2011年に熱気球ホンダグランプリの一貫として開催された世界選手権「とちぎインターナショナルバルーンレース」の会場で当時世界ランキング1位だったニック・ドナー選手は「風の読み、判断力、その判断力に裏打ちされた勇気、運。そして何より大事なのは、自分に起こったことを事実として100%受け入れること。飛んでいるとこんなはずではなかったと思うことだらけだ。それを次の行動に生かすのはいいけど、後悔は何の役にも立たない。過去は変えられないのだから、常に未来に向かうべきなんだ。つまり、飛ぶことは生きることの標本のようなものだね」と筆者に語っていた。

大会を主催する熱気球運営機構や冠スポンサーのホンダはここ数年、単に熱気球が飛ぶのを見てもらうだけでなく、競技の内容を発信することによって、より深い観戦の楽しみを知ってもらうための取り組みを強化している。種目の中には飛んでみなければ競技のリアルを想像しにくいものも多々あるが、内容を知ることで今、目の前で浮かんでいる気球が何をしようとしているのかがわかるようになるし、競技気球からのオンボード映像が普通に流れるようになればライブ感もさらに増すだろう。

◆渡良瀬バルーンレースでおこなわれた「競技」とは

高度制限はレースによって異なるが、その範囲内では高い高度から攻めようが低空を這おうが、作戦は自由。高度制限はレースによって異なるが、その範囲内では高い高度から攻めようが低空を這おうが、作戦は自由。
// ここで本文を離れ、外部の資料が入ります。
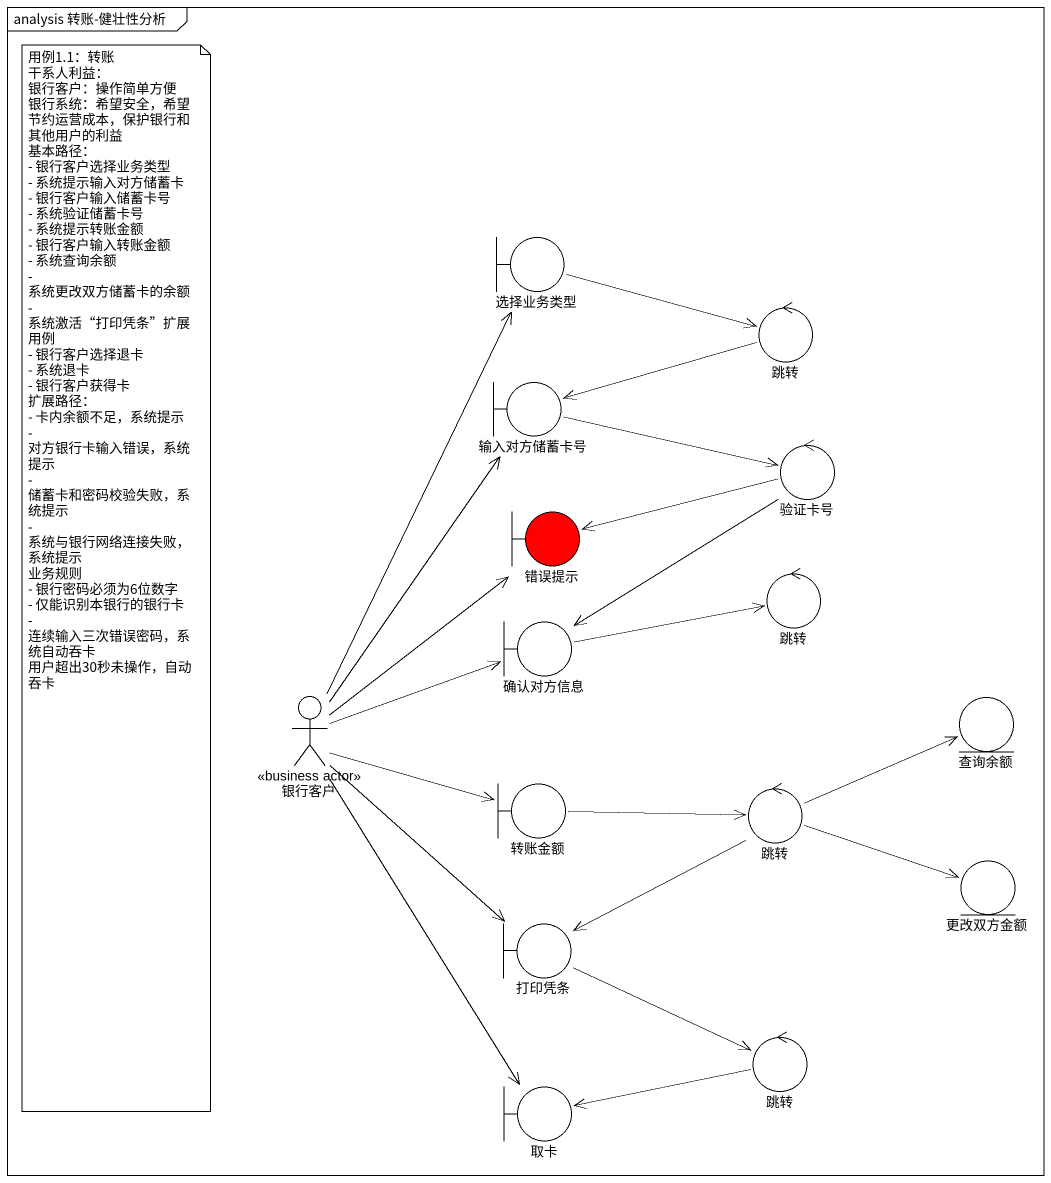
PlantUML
@startuml
mainframe analysis 转账-健壮性分析
boundary 选择业务类型
control 跳转
boundary 输入对方储蓄卡号
control 验证卡号
boundary 错误提示 #FF0000
control "跳转" as 跳转_2
boundary 确认对方信息
actor 银行客户 <<business actor>>
entity 查询余额
boundary 转账金额
control "跳转" as 跳转_3
entity 更改双方金额
boundary 打印凭条
control "跳转" as 跳转_4
boundary 取卡
选择业务类型 -right-> 跳转
跳转 -left-> 输入对方储蓄卡号
输入对方储蓄卡号 -right-> 验证卡号
验证卡号 -left-> 错误提示
验证卡号 --> 确认对方信息
确认对方信息 -right-> 跳转_2
银行客户 -up-> 选择业务类型
银行客户 -up-> 输入对方储蓄卡号
银行客户 -up-> 错误提示
银行客户 -right-> 确认对方信息
银行客户 -right-> 转账金额
银行客户 --> 打印凭条
银行客户 --> 取卡
转账金额 -right-> 跳转_3
跳转_3 -right-> 查询余额
跳转_3 -right-> 更改双方金额
跳转_3 -left-> 打印凭条
打印凭条 -right-> 跳转_4
跳转_4 -left-> 取卡
note as N1
  用例1.1：转账
  干系人利益：
  银行客户：操作简单方便
  银行系统：希望安全，希望节约运营成本，保护银行和其他用户的利益
  基本路径：
  - 银行客户选择业务类型
  - 系统提示输入对方储蓄卡
  - 银行客户输入储蓄卡号
  - 系统验证储蓄卡号
  - 系统提示转账金额
  - 银行客户输入转账金额
  - 系统查询余额
  - 系统更改双方储蓄卡的余额
  - 系统激活“打印凭条”扩展用例
  - 银行客户选择退卡
  - 系统退卡
  - 银行客户获得卡
  扩展路径：
  - 卡内余额不足，系统提示
  - 对方银行卡输入错误，系统提示
  - 储蓄卡和密码校验失败，系统提示
  - 系统与银行网络连接失败，系统提示
  业务规则
  - 银行密码必须为6位数字
  - 仅能识别本银行的银行卡
  - 连续输入三次错误密码，系统自动吞卡
  用户超出30秒未操作，自动吞卡
end note
@enduml
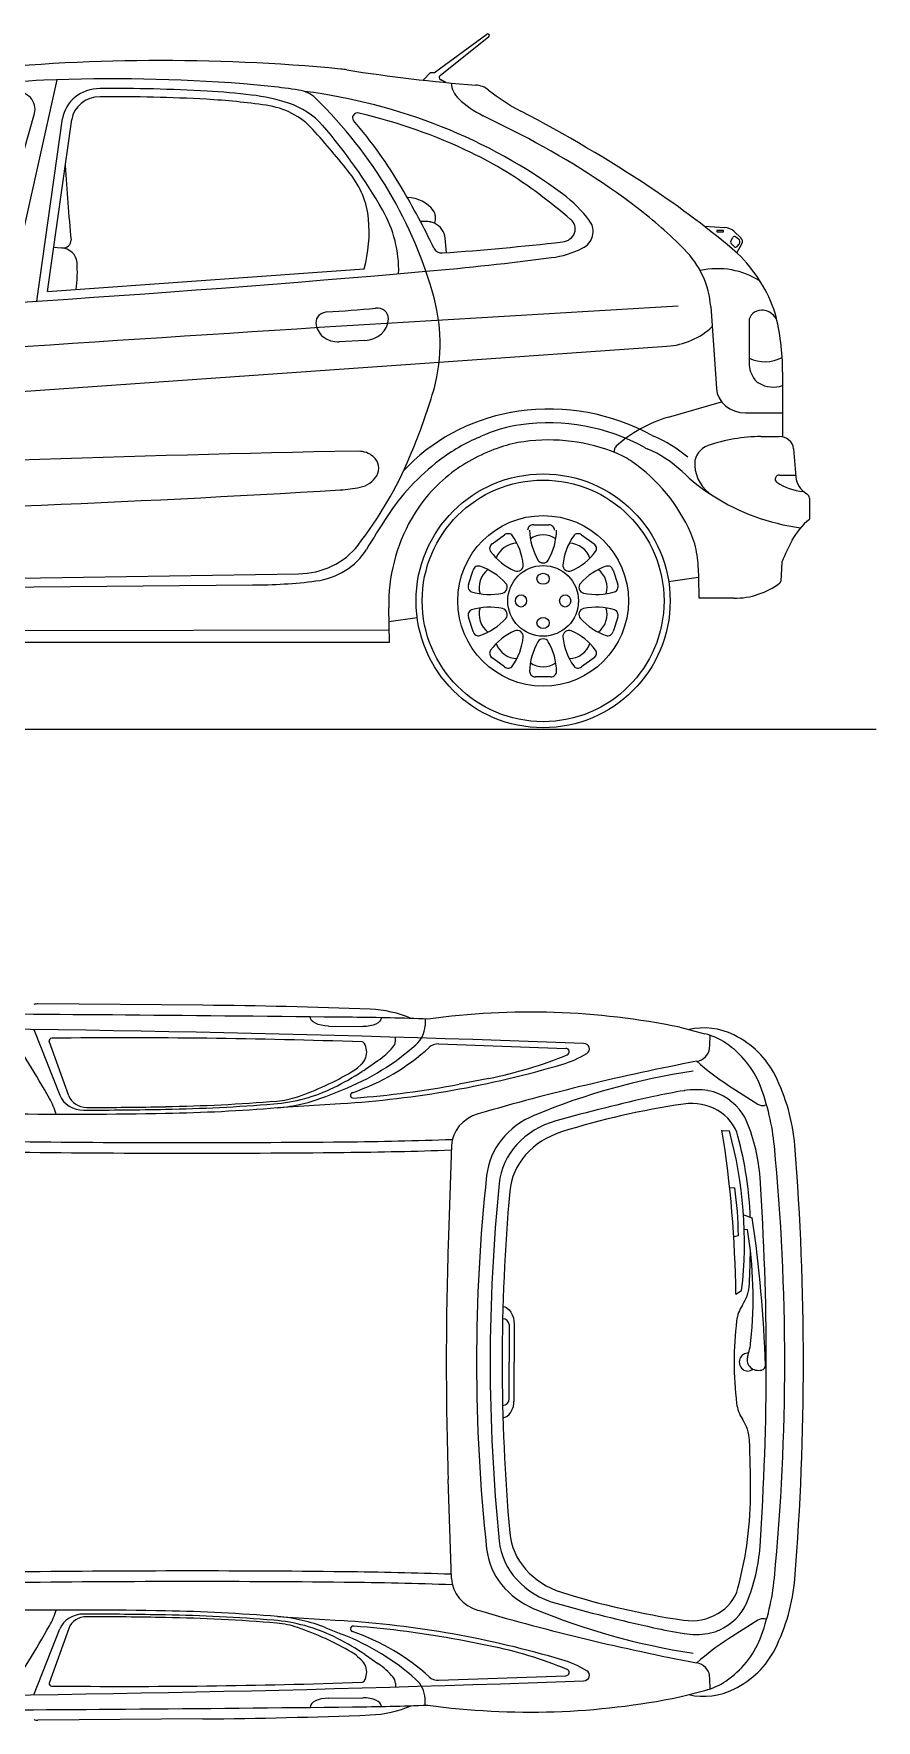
# Model space of a CAD drawing. Header units: millimetres. Extents: x 335 to 18837, y 383 to 11542.
# Drawn here: x 13395 to 15456, y 705 to 4835 of the extents above; entities that cross this region are included whole.
import ezdxf

# ---------------------------------------------------------------- set-up
doc = ezdxf.new("R2010")
doc.units = ezdxf.units.MM
doc.layers.add('dwgmodels.com', color=30, linetype='Continuous')

msp = doc.modelspace()

# ---------------------------------------------------------------- linework, layer by layer
at = {"color": 18, "true_color": 0x000000}
for p, q in [((14374.7, 4740), (14502.8, 4833.5)), ((14388.6, 4732.7), (14508.2, 4827.8)), ((13330.1, 4175.2), (13452.2, 4721.9)), ((14347.5, 4721), (14364.9, 4740)), ((14364.9, 4740), (14374.7, 4740)), ((14403.7, 4715.2), (14389.8, 4722.3)), ((13266.4, 4181.7), (13396.3, 4639.7)), ((13402.1, 4179.8), (13465.2, 4627)), ((13427.9, 4203.4), (13487.3, 4624.5)), ((14351.9, 4374.7), (14340.6, 4374.7)), ((15034.8, 4363.3), (15085, 4360.2)), ((15065.8, 4353.2), (15065.8, 4349.4)), ((15082.2, 4353.2), (15065.8, 4353.2)), ((15065.8, 4349.4), (15082.2, 4349.4)), ((15082.2, 4349.4), (15082.2, 4353.2)), ((15108.1, 4350.5), (15124.4, 4335.2)), ((15112.1, 4337.4), (15118.4, 4332.8)), ((13443.2, 4312), (13461.7, 4310.5)), ((14404.7, 4298.5), (14401.1, 4334.3)), ((15099.6, 4326.5), (15104.5, 4335.8)), ((15100.3, 4321.7), (15107.9, 4313.6)), ((15114.4, 4298.5), (15126.9, 4320.5)), ((15115.7, 4313.9), (15120.4, 4319.7)), ((13427.9, 4203.4), (14202.8, 4259.2)), ((15050.7, 4166.6), (15064.6, 3966.3)), ((15144.6, 4130.1), (15144.6, 4028.9)), ((15211.8, 4136.7), (15204.3, 4145.2)), ((12162.8, 3874.3), (14943.3, 4069.3)), ((14204.8, 4083.4), (14141.9, 4080.3)), ((15226.8, 4006.6), (15226.8, 3847.9)), ((14947.9, 3895.8), (15077.5, 3933.2)), ((15135.5, 3906.3), (15226.8, 3906.3)), ((15173.7, 3848.2), (15217.9, 3848.2)), ((14189.2, 3812.1), (14131.5, 3811.7)), ((14815, 3809.5), (14815.2, 3815.7)), ((15253.4, 3818.4), (15258.8, 3749.8)), ((15219.1, 3754), (15258.4, 3754)), ((15292.4, 3697.3), (15292.4, 3645.6)), ((14516.1, 3585.5), (14546.4, 3607.6)), ((14617, 3632.1), (14654.5, 3632.1)), ((14735, 3607.6), (14765.3, 3585.5)), ((12404.2, 3485.8), (14042.2, 3512.2)), ((14457.9, 3485.6), (14469.4, 3521.3)), ((14812, 3521.3), (14823.5, 3485.6)), ((15225, 3540.6), (15222.4, 3494.4)), ((12355.1, 3471.2), (13929.3, 3484.8)), ((14947.8, 3493.7), (15021.1, 3504.2)), ((15022.4, 3452.3), (15021.4, 3503.5)), ((14264.5, 3344.5), (14263, 3428.9)), ((15107.2, 3452.3), (15022.4, 3452.3)), ((14263.6, 3395.1), (14332.6, 3405)), ((14469.4, 3370.6), (14457.9, 3406.2)), ((14823.5, 3406.2), (14812, 3370.6)), ((12196.2, 3371.7), (14264, 3375.2)), ((12224.6, 3344.5), (14264.5, 3344.5)), ((14546.4, 3284.3), (14516.1, 3306.3)), ((14765.3, 3306.3), (14735, 3284.3)), ((14659.5, 3259.8), (14622, 3259.8)), ((13808.5, 2455.6), (13404.7, 2458.9)), ((13394.8, 2396.4), (13458.5, 2235.3)), ((14115.6, 2404.7), (14199.3, 2403.7)), ((14352.3, 2422.1), (14351.8, 2405.2)), ((14975.2, 2401.8), (15036.8, 2385.9)), ((13480.3, 2233.9), (13432.6, 2368)), ((14279.3, 2367.7), (14279.3, 2377.3)), ((14385.4, 2361), (14696.1, 2349.9)), ((14206.3, 2299), (14236.7, 2320.2)), ((14186.8, 2302.7), (14195.2, 2310.2)), ((14202.1, 2296.2), (14197.3, 2293.1)), ((14508.1, 2276.5), (14435.4, 2262.1)), ((14108.8, 2232.3), (14149.6, 2248.5)), ((14985.5, 2246.5), (14986.3, 2246.6)), ((13991.1, 2204.9), (14145.4, 2214.7)), ((15186.9, 2211.2), (15182.6, 2210.5)), ((15078.6, 2148.6), (15096.5, 2147.9)), ((14416.6, 2112.1), (14408.6, 1868.5)), ((15097.1, 2009.6), (15110, 2008.7)), ((15131, 1942.2), (15152.6, 1934.8)), ((15132.7, 1907.7), (15140.9, 1906.3)), ((15107.2, 1889.4), (15118.6, 1891.7)), ((15112.3, 1748.1), (15126.5, 1756.9)), ((14557.4, 1673.5), (14557.4, 1581.8)), ((14570.1, 1678), (14570.1, 1581.8)), ((14557.4, 1490.1), (14557.4, 1581.8)), ((14570.1, 1485.6), (14570.1, 1581.8)), ((14416.6, 1051.6), (14408.6, 1295.1)), ((13991.1, 958.8), (14145.4, 949)), ((15186.9, 952.4), (15182.6, 953.1)), ((13394.8, 767.3), (13458.5, 928.3)), ((13480.3, 929.8), (13432.6, 795.6)), ((14108.8, 931.3), (14149.6, 915.1)), ((14985.5, 917.1), (14986.3, 917)), ((14202.1, 867.4), (14197.3, 870.5)), ((14508.1, 887.1), (14435.4, 901.5)), ((14186.8, 860.9), (14195.2, 853.5)), ((14206.3, 864.6), (14236.7, 843.4)), ((14279.3, 795.9), (14279.3, 786.3)), ((14385.4, 802.6), (14696.1, 813.7)), ((14115.6, 758.9), (14199.3, 759.9)), ((14352.3, 741.5), (14351.8, 758.5)), ((14975.2, 761.8), (15036.8, 777.7)), ((13808.5, 708.1), (13404.7, 704.8))]:
    msp.add_line(p, q, dxfattribs=at)
for radius in [310.8, 295.8, 208.9, 86.5]:
    msp.add_circle((14640.7, 3445.9), radius, dxfattribs=at)
for centre, radius, start, end in [((14744.4, 3622.3), 200, 55.1693, 67.3129), ((14620.4, 3444.1), 417, 23.7409, 55.1693), ((14819.1, 3531.5), 200, 7.5542, 23.7409)]:
    msp.add_arc(centre, radius, start, end, dxfattribs=at)
for centre, major_axis, ratio, start_param, end_param in [((14505.4, 4830.6), (4.13, 0), 0.9004, -0.839554, 2.252046), ((13706.6, 1000.5), (4185.4, 0), 0.9004, 1.465724, 1.690276), ((13554.6, 2121.1), (-2890.3, 0), 0.9004, -1.524012, -1.316838), ((13590.7, 1427.5), (3661.5, 0), 0.9004, 1.484072, 1.617581), ((13743.7, 3012.3), (1894.7, 0), 0.9004, 1.41234, 1.484072), ((14123.2, 4557.2), (-213.4, 0), 0.9004, 4.53599, 4.607317), ((14773.9, 7843.8), (3494.4, 0), 0.9004, 4.53599, 4.62706), ((14393.3, 4727.9), (7.11, 0), 0.9004, 2.294623, 4.197956), ((14397.1, 4729.8), (-10.8, 0), 0.9004, 0.782959, 1.056363), ((14482.1, 4716.6), (66.1, 0), 0.9004, 3.185395, 3.898299), ((14471.5, 4661.1), (-53.3, 0), 0.9004, 3.981537, 4.62706), ((13350.1, 4650.3), (47.7, 0), 0.9004, -0.249971, 1.673191), ((13557.9, 4616.4), (93.4, 0), 0.9004, 1.580057, 3.015157), ((13557.9, 4616.4), (71.1, 0), 0.9004, 1.580057, 3.015157), ((13590.7, 1427.5), (-3635.2, 0), 0.9004, 4.64969, 4.72165), ((13590.7, 1427.5), (-3612.9, 0), 0.9004, 4.64969, 4.72165), ((13720.6, 3290.9), (1539.3, 0), 0.9004, 1.412665, 1.508098), ((13720.6, 3290.9), (1561.6, 0), 0.9004, 1.438071, 1.508098), ((13869.1, 4292.7), (439.2, 0), 0.9004, 1.225143, 1.438071), ((14031.4, 4633.7), (-71.1, 0), 0.9004, 3.885437, 4.553932), ((13876.6, 3556.6), (1275.4, 0), 0.9004, 0.880995, 1.428758), ((13180.2, 3928.5), (-1227.8, 0), 0.9004, 3.378212, 3.885437), ((14613.7, 4828.6), (247.2, 0), 0.9004, 3.898299, 4.206472), ((14824.6, 5015.7), (-475.6, 0), 0.9004, 0.839945, 1.045177), ((13933.9, 4495.2), (-184.9, 0), 0.9004, 3.8255, 4.554258), ((13955.3, 4508), (184.9, 0), 0.9004, 0.661802, 1.225143), ((14187.1, 4629.2), (-12.8, 0), 0.9004, 4.457451, 6.941218), ((13876.6, 3556.6), (-1243.8, 0), 0.9004, 4.220786, 4.457451), ((9615.6, -3294.5), (-10066.5, 0), 0.9004, 4.196027, 4.206472), ((12856.4, 1960.5), (-3447.1, 0), 0.9004, 4.076866, 4.18677), ((12364.7, 3343.5), (2209.4, 0), 0.9004, 0.615361, 0.683907), ((12954.6, 3806.2), (-1453.4, 0), 0.9004, 3.615427, 3.803395), ((13180.2, 3928.5), (-1259.7, 0), 0.9004, 3.627193, 3.799626), ((13662.7, 3123.8), (1869.5, 0), 0.9004, 0.868246, 1.054435), ((14007.5, 3776.6), (-966.6, 0), 0.9004, 4.012794, 4.220786), ((22631, 4999.2), (9175.5, 0), 0.9004, 3.200548, 3.222733), ((13965.5, 4362.4), (-248.9, 0), 0.9004, 3.2257, 3.756954), ((12123.3, 3426.2), (-2454.9, 0), 0.9004, 3.552603, 3.627193), ((14306.6, 4362.8), (-78.5, 0), 0.9004, 3.713394, 4.689638), ((13299, 3018.6), (2066.9, 0), 0.9004, 0.820681, 0.871201), ((14474.7, 4209.3), (-335.6, 0), 0.9004, 3.725825, 4.022588), ((13574.4, 2837), (-2237.5, 0), 0.9004, 3.95212, 4.076866), ((13797.8, 4349.7), (417.3, 0), 0.9004, -0.243335, 0.084108), ((13928.1, 4255.7), (359.3, 0), 0.9004, -0.026229, 0.473834), ((14348.7, 4387.2), (28.4, 0), 0.9004, 0.081605, 0.571801), ((14303.9, 4383.9), (73.4, 0), 0.9004, -0.207304, 0.081605), ((14683.8, 4356.8), (-35.6, 0), 0.9004, 1.695928, 3.962274), ((14137.7, 3629), (1134.3, 0), 0.9004, 0.726415, 0.868246), ((14351.9, 4296.6), (86.8, 0), 0.9004, 1.414097, 1.570796), ((14361, 4348.4), (-28.4, 0), 0.9004, 4.201862, 4.55569), ((14349.6, 4330.2), (51.7, 0), 0.9004, 0.090115, 1.060269), ((14711.3, 4350.2), (-51.9, 0), 0.9004, 2.076617, 3.725825), ((15082.5, 4328.3), (35.6, 0), 0.9004, 0.767359, 1.501813), ((15109, 4333.9), (4.98, 0), 0.9004, 0.894696, 2.696894), ((13457.8, 4272.2), (-42.7, 0), 0.9004, 3.204814, 4.621795), ((13465.9, 4328.1), (-19.9, 0), 0.9004, 1.480202, 3.222733), ((14393.2, 4317), (-21.3, 0), 0.9004, 0.411011, 1.650623), ((13875.9, 10139.5), (6508.6, 0), 0.9004, -1.49097, -1.445665), ((14629.7, 4482.9), (220.5, 0), 0.9004, -1.427646, -1.064975), ((14791.6, 4152.1), (-259.6, 0), 0.9004, 3.203814, 3.868008), ((15104.1, 4324.6), (4.98, 0), 0.9004, 2.696894, 3.844785), ((15111.7, 4316.5), (4.98, 0), 0.9004, 3.844785, 5.654048), ((14816.3, 4047.2), (408.5, 0), 0.9004, 0.283517, 0.746197), ((15111.8, 4325.3), (-10.7, 0), 0.9004, 2.512455, 4.036289), ((15114.2, 4326.4), (-14.2, 0), 0.9004, 2.669409, 3.908952), ((13092.7, 4251.4), (-408.5, 0), 0.9004, 3.024706, 3.204814), ((13693.2, 10333.1), (-6785, 0), 0.9004, 1.668344, 1.713946), ((15067.4, 4101.4), (-175.5, 0), 0.9004, 4.075664, 4.957471), ((10600.3, 38790.5), (38541.1, 0), 0.9004, -1.52535, -1.473248), ((13861.2, 4076.3), (527.4, 0), 0.9004, -0.26896, 0.23662), ((23122.9, -112754.4), (-130110.9, 0), 0.9004, -1.508101, -1.494575), ((14113.3, 4127.8), (28.4, 0), 0.9004, 1.640976, 3.191179), ((13860.1, 7371.1), (-3582.5, 0), 0.9004, 1.640976, 1.674507), ((14201.4, 4138.2), (-61, 0), 0.9004, 1.626447, 3.108052), ((14233.9, 4137.3), (-28.4, 0), 0.9004, 3.108052, 4.8161), ((15175.3, 4130.1), (30.7, 0), 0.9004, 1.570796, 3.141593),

熱気球レースだが、数十種類の種目(タスク)からいくつかを選び、それをこなすという形で行われる。何の種目をどういう順番で組み合わせるかということは当日、その時の風をみて大会本部が決める。天候が悪い時は1フライト1タスクということもあるが、「熱気球ホンダグランプリ2022」の最終戦、渡良瀬バルーンレース2日目(12月17日)朝の競技は6タスク構成と重厚感十分。

種目は写真の競技種目シートに記されている。昔はもっぱら長いリボンのついたマーカーを落とすというやり方で競技を行っていたが、近年はGPS技術を使った電子マーカーを利用するのが世界の趨勢となっており、今回も6タスクすべてがロガーマーカー競技であった。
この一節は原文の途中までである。